La fille, toujours aussi pro : « Alors vous êtes dans la bonne file, moi, je ne peux pas vous aider, mais une fois au desk, ils vous proposeront plusieurs chapelles, vous pourrez faire votre choix, et on bookera votre mariage pour ce soir. Et… encore toutes mes félicitations !!!!! »
Elle nous regarde tous les trois, encore et toujours, avec un enthousiasme confondant et, après cette dernière phrase, passe à la personne suivante dans la file.

« Heu… Elle m’a même pas demandé avec laquelle de vous deux je me mariais, là… »

« De fait, enchaîne Véro, si ça tombe, elle pense qu’on se marie à trois »

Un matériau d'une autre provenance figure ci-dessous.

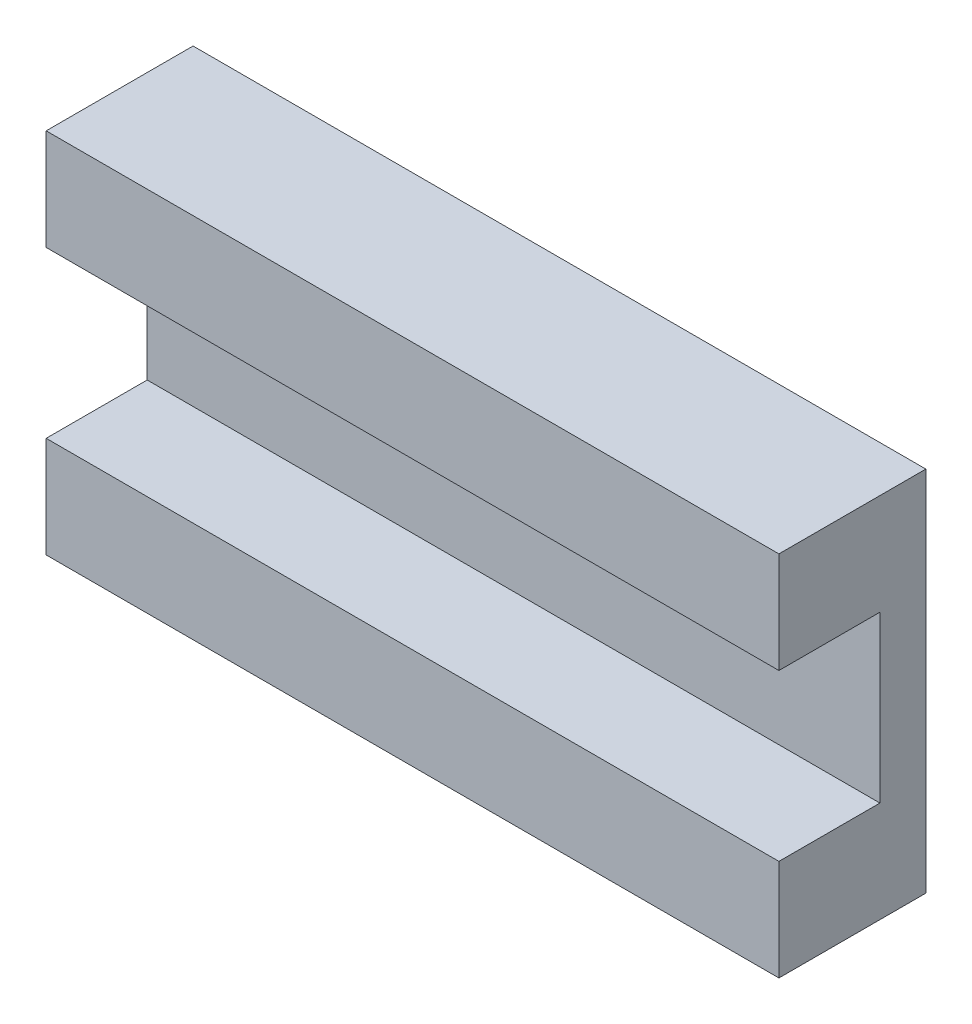
ISO-10303-21;
HEADER;
FILE_DESCRIPTION(('STEP AP214'),'2;1');
FILE_NAME('part.step','',(''),(''),'','','');
FILE_SCHEMA(('AUTOMOTIVE_DESIGN { 1 0 10303 214 1 1 1 1 }'));
ENDSEC;
DATA;
#1=APPLICATION_CONTEXT('core data for automotive mechanical design processes');
#2=APPLICATION_PROTOCOL_DEFINITION('international standard','automotive_design',2000,#1);
#3=PRODUCT_CONTEXT('',#1,'mechanical');
#4=PRODUCT('Part','Part','',(#3));
#5=PRODUCT_RELATED_PRODUCT_CATEGORY('part','',(#4));
#6=PRODUCT_DEFINITION_FORMATION('','',#4);
#7=PRODUCT_DEFINITION_CONTEXT('part definition',#1,'design');
#8=PRODUCT_DEFINITION('design','',#6,#7);
#9=PRODUCT_DEFINITION_SHAPE('','',#8);
#10=(LENGTH_UNIT() NAMED_UNIT(*) SI_UNIT(.MILLI.,.METRE.));
#11=(NAMED_UNIT(*) PLANE_ANGLE_UNIT() SI_UNIT($,.RADIAN.));
#12=(NAMED_UNIT(*) SI_UNIT($,.STERADIAN.) SOLID_ANGLE_UNIT());
#13=UNCERTAINTY_MEASURE_WITH_UNIT(LENGTH_MEASURE(1.E-05),#10,'distance_accuracy_value','');
#14=(GEOMETRIC_REPRESENTATION_CONTEXT(3) GLOBAL_UNCERTAINTY_ASSIGNED_CONTEXT((#13)) GLOBAL_UNIT_ASSIGNED_CONTEXT((#10,
#11,#12)) REPRESENTATION_CONTEXT('',''));
#15=CARTESIAN_POINT('',(0.,0.,0.));
#16=DIRECTION('',(0.,0.,1.));
#17=DIRECTION('',(1.,0.,0.));
#18=AXIS2_PLACEMENT_3D('',#15,#16,#17);
#19=CARTESIAN_POINT('',(0.,0.,8.));
#20=DIRECTION('',(0.,0.,1.));
#21=DIRECTION('',(1.,0.,0.));
#22=AXIS2_PLACEMENT_3D('',#19,#20,#21);
#23=PLANE('',#22);
#24=DIRECTION('',(1.,0.,0.));
#25=VECTOR('',#24,1.);
#26=CARTESIAN_POINT('',(-39.9,14.5,8.));
#27=LINE('',#26,#25);
#28=CARTESIAN_POINT('',(-39.9,14.5,8.));
#29=VERTEX_POINT('',#28);
#30=CARTESIAN_POINT('',(0.,14.5,8.));
#31=VERTEX_POINT('',#30);
#32=EDGE_CURVE('E137',#29,#31,#27,.T.);
#33=ORIENTED_EDGE('',*,*,#32,.T.);
#34=DIRECTION('',(0.,1.,0.));
#35=VECTOR('',#34,1.);
#36=CARTESIAN_POINT('',(0.,0.,8.));
#37=LINE('',#36,#35);
#38=CARTESIAN_POINT('',(0.,20.,8.));
#39=VERTEX_POINT('',#38);
#40=EDGE_CURVE('E85',#31,#39,#37,.T.);
#41=ORIENTED_EDGE('',*,*,#40,.T.);
#42=DIRECTION('',(-1.,0.,0.));
#43=VECTOR('',#42,1.);
#44=CARTESIAN_POINT('',(0.,20.,8.));
#45=LINE('',#44,#43);
#46=CARTESIAN_POINT('',(-39.9,20.,8.));
#47=VERTEX_POINT('',#46);
#48=EDGE_CURVE('E168',#39,#47,#45,.T.);
#49=ORIENTED_EDGE('',*,*,#48,.T.);
#50=DIRECTION('',(0.,-1.,0.));
#51=VECTOR('',#50,1.);
#52=CARTESIAN_POINT('',(-39.9,0.,8.));
#53=LINE('',#52,#51);
#54=EDGE_CURVE('E170',#47,#29,#53,.T.);
#55=ORIENTED_EDGE('',*,*,#54,.T.);
#56=EDGE_LOOP('',(#33,#41,#49,#55));
#57=FACE_BOUND('',#56,.T.);
#58=ADVANCED_FACE('F32',(#57),#23,.T.);
#59=CARTESIAN_POINT('',(0.,0.,8.));
#60=DIRECTION('',(-1.,0.,0.));
#61=DIRECTION('',(0.,0.,1.));
#62=AXIS2_PLACEMENT_3D('',#59,#60,#61);
#63=PLANE('',#62);
#64=ORIENTED_EDGE('',*,*,#40,.F.);
#65=DIRECTION('',(0.,0.,1.));
#66=VECTOR('',#65,1.);
#67=CARTESIAN_POINT('',(0.,14.5,8.));
#68=LINE('',#67,#66);
#69=CARTESIAN_POINT('',(0.,14.5,2.5));
#70=VERTEX_POINT('',#69);
#71=EDGE_CURVE('E129',#70,#31,#68,.T.);
#72=ORIENTED_EDGE('',*,*,#71,.F.);
#73=DIRECTION('',(0.,1.,0.));
#74=VECTOR('',#73,1.);
#75=CARTESIAN_POINT('',(0.,14.5,2.5));
#76=LINE('',#75,#74);
#77=CARTESIAN_POINT('',(0.,5.5,2.5));
#78=VERTEX_POINT('',#77);
#79=EDGE_CURVE('E131',#78,#70,#76,.T.);
#80=ORIENTED_EDGE('',*,*,#79,.F.);
#81=DIRECTION('',(0.,0.,-1.));
#82=VECTOR('',#81,1.);
#83=CARTESIAN_POINT('',(0.,5.5,8.));
#84=LINE('',#83,#82);
#85=CARTESIAN_POINT('',(0.,5.5,8.));
#86=VERTEX_POINT('',#85);
#87=EDGE_CURVE('E110',#86,#78,#84,.T.);
#88=ORIENTED_EDGE('',*,*,#87,.F.);
#89=CARTESIAN_POINT('',(0.,0.,8.));
#90=VERTEX_POINT('',#89);
#91=EDGE_CURVE('E166',#90,#86,#37,.T.);
#92=ORIENTED_EDGE('',*,*,#91,.F.);
#93=DIRECTION('',(0.,0.,-1.));
#94=VECTOR('',#93,1.);
#95=CARTESIAN_POINT('',(0.,0.,8.));
#96=LINE('',#95,#94);
#97=CARTESIAN_POINT('',(0.,0.,0.));
#98=VERTEX_POINT('',#97);
#99=EDGE_CURVE('E174',#90,#98,#96,.T.);
#100=ORIENTED_EDGE('',*,*,#99,.T.);
#101=DIRECTION('',(0.,1.,0.));
#102=VECTOR('',#101,1.);
#103=CARTESIAN_POINT('',(0.,0.,0.));
#104=LINE('',#103,#102);
#105=CARTESIAN_POINT('',(0.,20.,0.));
#106=VERTEX_POINT('',#105);
#107=EDGE_CURVE('E163',#98,#106,#104,.T.);
#108=ORIENTED_EDGE('',*,*,#107,.T.);
#109=DIRECTION('',(0.,0.,-1.));
#110=VECTOR('',#109,1.);
#111=CARTESIAN_POINT('',(0.,20.,8.));
#112=LINE('',#111,#110);
#113=EDGE_CURVE('E11',#39,#106,#112,.T.);
#114=ORIENTED_EDGE('',*,*,#113,.F.);
#115=EDGE_LOOP('',(#64,#72,#80,#88,#92,#100,#108,#114));
#116=FACE_BOUND('',#115,.T.);
#117=ADVANCED_FACE('F34',(#116),#63,.F.);
#118=CARTESIAN_POINT('',(0.,20.,8.));
#119=DIRECTION('',(0.,-1.,0.));
#120=DIRECTION('',(1.,0.,0.));
#121=AXIS2_PLACEMENT_3D('',#118,#119,#120);
#122=PLANE('',#121);
#123=DIRECTION('',(-1.,0.,0.));
#124=VECTOR('',#123,1.);
#125=CARTESIAN_POINT('',(0.,20.,0.));
#126=LINE('',#125,#124);
#127=CARTESIAN_POINT('',(-39.9,20.,0.));
#128=VERTEX_POINT('',#127);
#129=EDGE_CURVE('E177',#106,#128,#126,.T.);
#130=ORIENTED_EDGE('',*,*,#129,.T.);
#131=DIRECTION('',(0.,0.,-1.));
#132=VECTOR('',#131,1.);
#133=CARTESIAN_POINT('',(-39.9,20.,8.));
#134=LINE('',#133,#132);
#135=EDGE_CURVE('E40',#47,#128,#134,.T.);
#136=ORIENTED_EDGE('',*,*,#135,.F.);
#137=ORIENTED_EDGE('',*,*,#48,.F.);
#138=ORIENTED_EDGE('',*,*,#113,.T.);
#139=EDGE_LOOP('',(#130,#136,#137,#138));
#140=FACE_BOUND('',#139,.T.);
#141=ADVANCED_FACE('F204',(#140),#122,.F.);
#142=CARTESIAN_POINT('',(-39.9,0.,8.));
#143=DIRECTION('',(1.,0.,0.));
#144=DIRECTION('',(0.,0.,-1.));
#145=AXIS2_PLACEMENT_3D('',#142,#143,#144);
#146=PLANE('',#145);
#147=DIRECTION('',(0.,1.,0.));
#148=VECTOR('',#147,1.);
#149=CARTESIAN_POINT('',(-39.9,14.5,2.5));
#150=LINE('',#149,#148);
#151=CARTESIAN_POINT('',(-39.9,5.5,2.5));
#152=VERTEX_POINT('',#151);
#153=CARTESIAN_POINT('',(-39.9,14.5,2.5));
#154=VERTEX_POINT('',#153);
#155=EDGE_CURVE('E118',#152,#154,#150,.T.);
#156=ORIENTED_EDGE('',*,*,#155,.T.);
#157=DIRECTION('',(0.,0.,1.));
#158=VECTOR('',#157,1.);
#159=CARTESIAN_POINT('',(-39.9,14.5,8.));
#160=LINE('',#159,#158);
#161=EDGE_CURVE('E123',#154,#29,#160,.T.);
#162=ORIENTED_EDGE('',*,*,#161,.T.);
#163=ORIENTED_EDGE('',*,*,#54,.F.);
#164=ORIENTED_EDGE('',*,*,#135,.T.);
#165=DIRECTION('',(0.,-1.,0.));
#166=VECTOR('',#165,1.);
#167=CARTESIAN_POINT('',(-39.9,0.,0.));
#168=LINE('',#167,#166);
#169=CARTESIAN_POINT('',(-39.9,0.,0.));
#170=VERTEX_POINT('',#169);
#171=EDGE_CURVE('E179',#128,#170,#168,.T.);
#172=ORIENTED_EDGE('',*,*,#171,.T.);
#173=DIRECTION('',(0.,0.,-1.));
#174=VECTOR('',#173,1.);
#175=CARTESIAN_POINT('',(-39.9,0.,8.));
#176=LINE('',#175,#174);
#177=CARTESIAN_POINT('',(-39.9,0.,8.));
#178=VERTEX_POINT('',#177);
#179=EDGE_CURVE('E183',#178,#170,#176,.T.);
#180=ORIENTED_EDGE('',*,*,#179,.F.);
#181=CARTESIAN_POINT('',(-39.9,5.5,8.));
#182=VERTEX_POINT('',#181);
#183=EDGE_CURVE('E128',#182,#178,#53,.T.);
#184=ORIENTED_EDGE('',*,*,#183,.F.);
#185=DIRECTION('',(0.,0.,-1.));
#186=VECTOR('',#185,1.);
#187=CARTESIAN_POINT('',(-39.9,5.5,8.));
#188=LINE('',#187,#186);
#189=EDGE_CURVE('E47',#182,#152,#188,.T.);
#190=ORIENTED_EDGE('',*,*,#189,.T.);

« Wé, je conclus, si tu lui avais annoncé que tu épousais ton labrador, elle aurait été heureuse pour toi aussi… »

Bienvenue à Vegas !

Une fois au desk, après les énièmes félicitations d’usage (décidément le plan à trois, ça doit être un truc courant là-bas), on nous propose, avec un pragmatisme renversant, une série de brochures répertoriant les chapelles qu’ils nous conseillent avec les différents « wedding packs ». Et c’est là que Darth Vador intervient. Ou Maryline. Ou un alien. Enfin, ce que vous voulez, quoi.

L’Homme réalise alors qu’il a moyennement envie de se marier en face du sosie d’Elvis. Ou de s’entendre dire « que la Force soit avec toi » au moment de me (re)passer la bague au doigt. Star Wars, c’est sympa, mais point trop n’en faut. Hop, on va prendre l’option « chapelle normale, jolie, même romantique ».

« Et vous voulez quel package, alors ? Avec les fleurs ? Les photos ? La robe ? La limousine ? Un bouquet pour la témoin ? »

« Heu… »

Je me réveille : « La seule exigence que j’ai, c’est que cela doit être filmé et visible depuis l’Europe »

« Parfait madame, vous avez 3 packages qui proposent ce service »

Ha. Merde. C’est courant.
J’aurais dû leur lancer un défi plus ardu… Genre « je veux une belle-mère plus vraie que nature à nos côtés ». Non, en fait, non. Oubliez. Ils sont capables.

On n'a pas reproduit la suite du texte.